Using the circuit below, I have measured Vd and Vs for two different MPF102 FETs. The supply voltage was 9.54V and the results are:

MPF102 #1, Vd = 4.64V and Vs = 1.80V
MPF102 #2, Vd = 5.78V and Vs = 1.38V

Is it possible to calculate what these values would be if the supply voltage was exactly 9.0V? If so, please show the math.

Thanks.

 

The source voltage would be the same because it is set by the idle current of the transistor. The drain voltage would decrease by .54 volts because the voltage drop across R3 will stay the same.

1.8/560 = .0032143 amps
.0032143 x 1500 = 4.8214V
9.54-9 = .54

 

The source voltage would be the same because it is set by the idle current of the transistor. The drain voltage would decrease by .54 volts because the voltage drop across R3 will stay the same.

1.8/560 = .0032143 amps
.0032143 x 1500 = 4.8214V
9.54-9 = .54

That's true for an ideal transistor. In reality the current will change very slightly due to the finite output impedance of the transistor. But to simplify the calculation for practical purposes the output impedance is often assumed to be infinite.
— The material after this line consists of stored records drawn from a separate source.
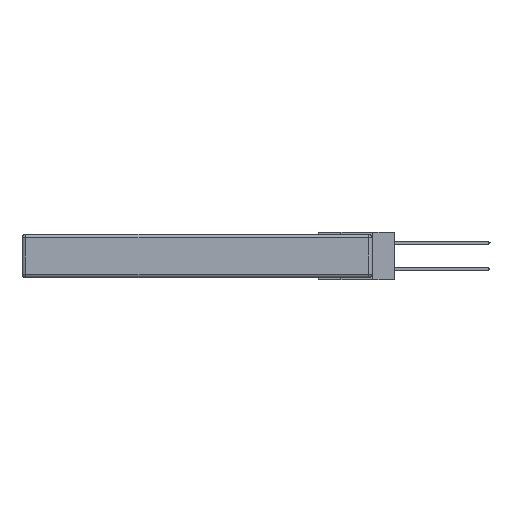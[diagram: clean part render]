
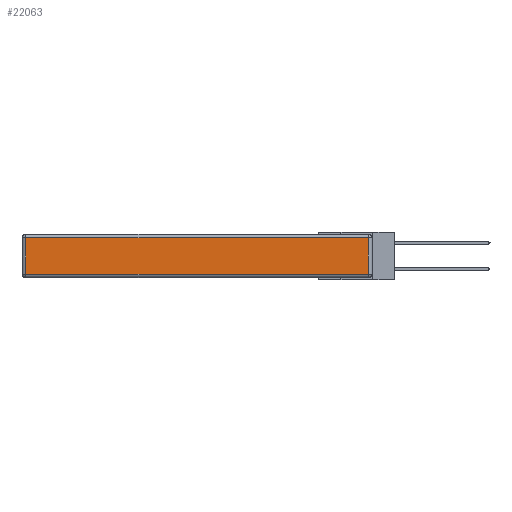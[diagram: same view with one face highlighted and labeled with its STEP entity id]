
A CAD part, left-side view. The second image highlights one B-rep face of the part: STEP entity #22063.
In plain terms, the highlighted planar face has unit normal (-1, 0, 0).
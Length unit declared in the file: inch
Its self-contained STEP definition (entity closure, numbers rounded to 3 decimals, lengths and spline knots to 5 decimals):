
#112 = ORIENTED_EDGE ( 'NONE', *, *, #5504, .T. ) ;
#1615 = LINE ( 'NONE', #5417, #24491 ) ;
#2553 = CARTESIAN_POINT ( 'NONE',  ( 0., 0.03, -0.03 ) ) ;
#2903 = VERTEX_POINT ( 'NONE', #22321 ) ;
#3248 = LINE ( 'NONE', #10948, #23616 ) ;
#5150 = VERTEX_POINT ( 'NONE', #9899 ) ;
#5182 = DIRECTION ( 'NONE',  ( 0., 1., 0. ) ) ;
#5417 = CARTESIAN_POINT ( 'NONE',  ( 0., 0., -0.313 ) ) ;
#5473 = AXIS2_PLACEMENT_3D ( 'NONE', #16550, #10394, #10655 ) ;
#5504 = EDGE_CURVE ( 'NONE', #17587, #17281, #17435, .T. ) ;
#5678 = EDGE_CURVE ( 'NONE', #2903, #17587, #3248, .T. ) ;
#6165 = CARTESIAN_POINT ( 'NONE',  ( 0., 2.72, -0.03 ) ) ;
#6750 = ORIENTED_EDGE ( 'NONE', *, *, #5678, .T. ) ;
#7033 = CARTESIAN_POINT ( 'NONE',  ( 0., 2.72, -0.343 ) ) ;
#7179 = VECTOR ( 'NONE', #5182, 39.37008 ) ;
#8918 = ORIENTED_EDGE ( 'NONE', *, *, #21035, .T. ) ;
#9899 = CARTESIAN_POINT ( 'NONE',  ( 0., 2.72, -0.313 ) ) ;
#10394 = DIRECTION ( 'NONE',  ( -1., 0., 0. ) ) ;
#10655 = DIRECTION ( 'NONE',  ( 0., 0., 1. ) ) ;
#10948 = CARTESIAN_POINT ( 'NONE',  ( 0., 0.03, -0.343 ) ) ;
#10955 = VECTOR ( 'NONE', #11231, 39.37008 ) ;
#11231 = DIRECTION ( 'NONE',  ( 0., 0., -1. ) ) ;
#12774 = DIRECTION ( 'NONE',  ( 0., 0., 1. ) ) ;
#13391 = DIRECTION ( 'NONE',  ( 0., -1., 0. ) ) ;
#14389 = EDGE_LOOP ( 'NONE', ( #22914, #6750, #112, #8918 ) ) ;
#16550 = CARTESIAN_POINT ( 'NONE',  ( 0., 0., -0.343 ) ) ;
#16856 = LINE ( 'NONE', #7033, #10955 ) ;
#17281 = VERTEX_POINT ( 'NONE', #6165 ) ;
#17435 = LINE ( 'NONE', #23157, #7179 ) ;
#17587 = VERTEX_POINT ( 'NONE', #2553 ) ;
#18474 = PLANE ( 'NONE',  #5473 ) ;
#18948 = EDGE_CURVE ( 'NONE', #5150, #2903, #1615, .T. ) ;
#21035 = EDGE_CURVE ( 'NONE', #17281, #5150, #16856, .T. ) ;
#22063 = ADVANCED_FACE ( 'NONE', ( #22959 ), #18474, .T. ) ;
#22321 = CARTESIAN_POINT ( 'NONE',  ( 0., 0.03, -0.313 ) ) ;
#22914 = ORIENTED_EDGE ( 'NONE', *, *, #18948, .T. ) ;
#22959 = FACE_OUTER_BOUND ( 'NONE', #14389, .T. ) ;
#23157 = CARTESIAN_POINT ( 'NONE',  ( 0., 2.75, -0.03 ) ) ;
#23616 = VECTOR ( 'NONE', #12774, 39.37008 ) ;
#24491 = VECTOR ( 'NONE', #13391, 39.37008 ) ;

According to this data sheet the output conductance is 200μmhos (5kΩ resistance) at zero Vgs and 15V Vds.

 

If you showed your math I would be educated by it.

 

That's true for an ideal transistor. In reality the current will change very slightly due to the finite output impedance of the transistor. But to simplify the calculation for practical purposes the output impedance is often assumed to be infinite.

According to this data sheet the output conductance is 200μmhos (5kΩ resistance) at zero Vgs and 15V Vds.

If you showed your math I would be educated by it.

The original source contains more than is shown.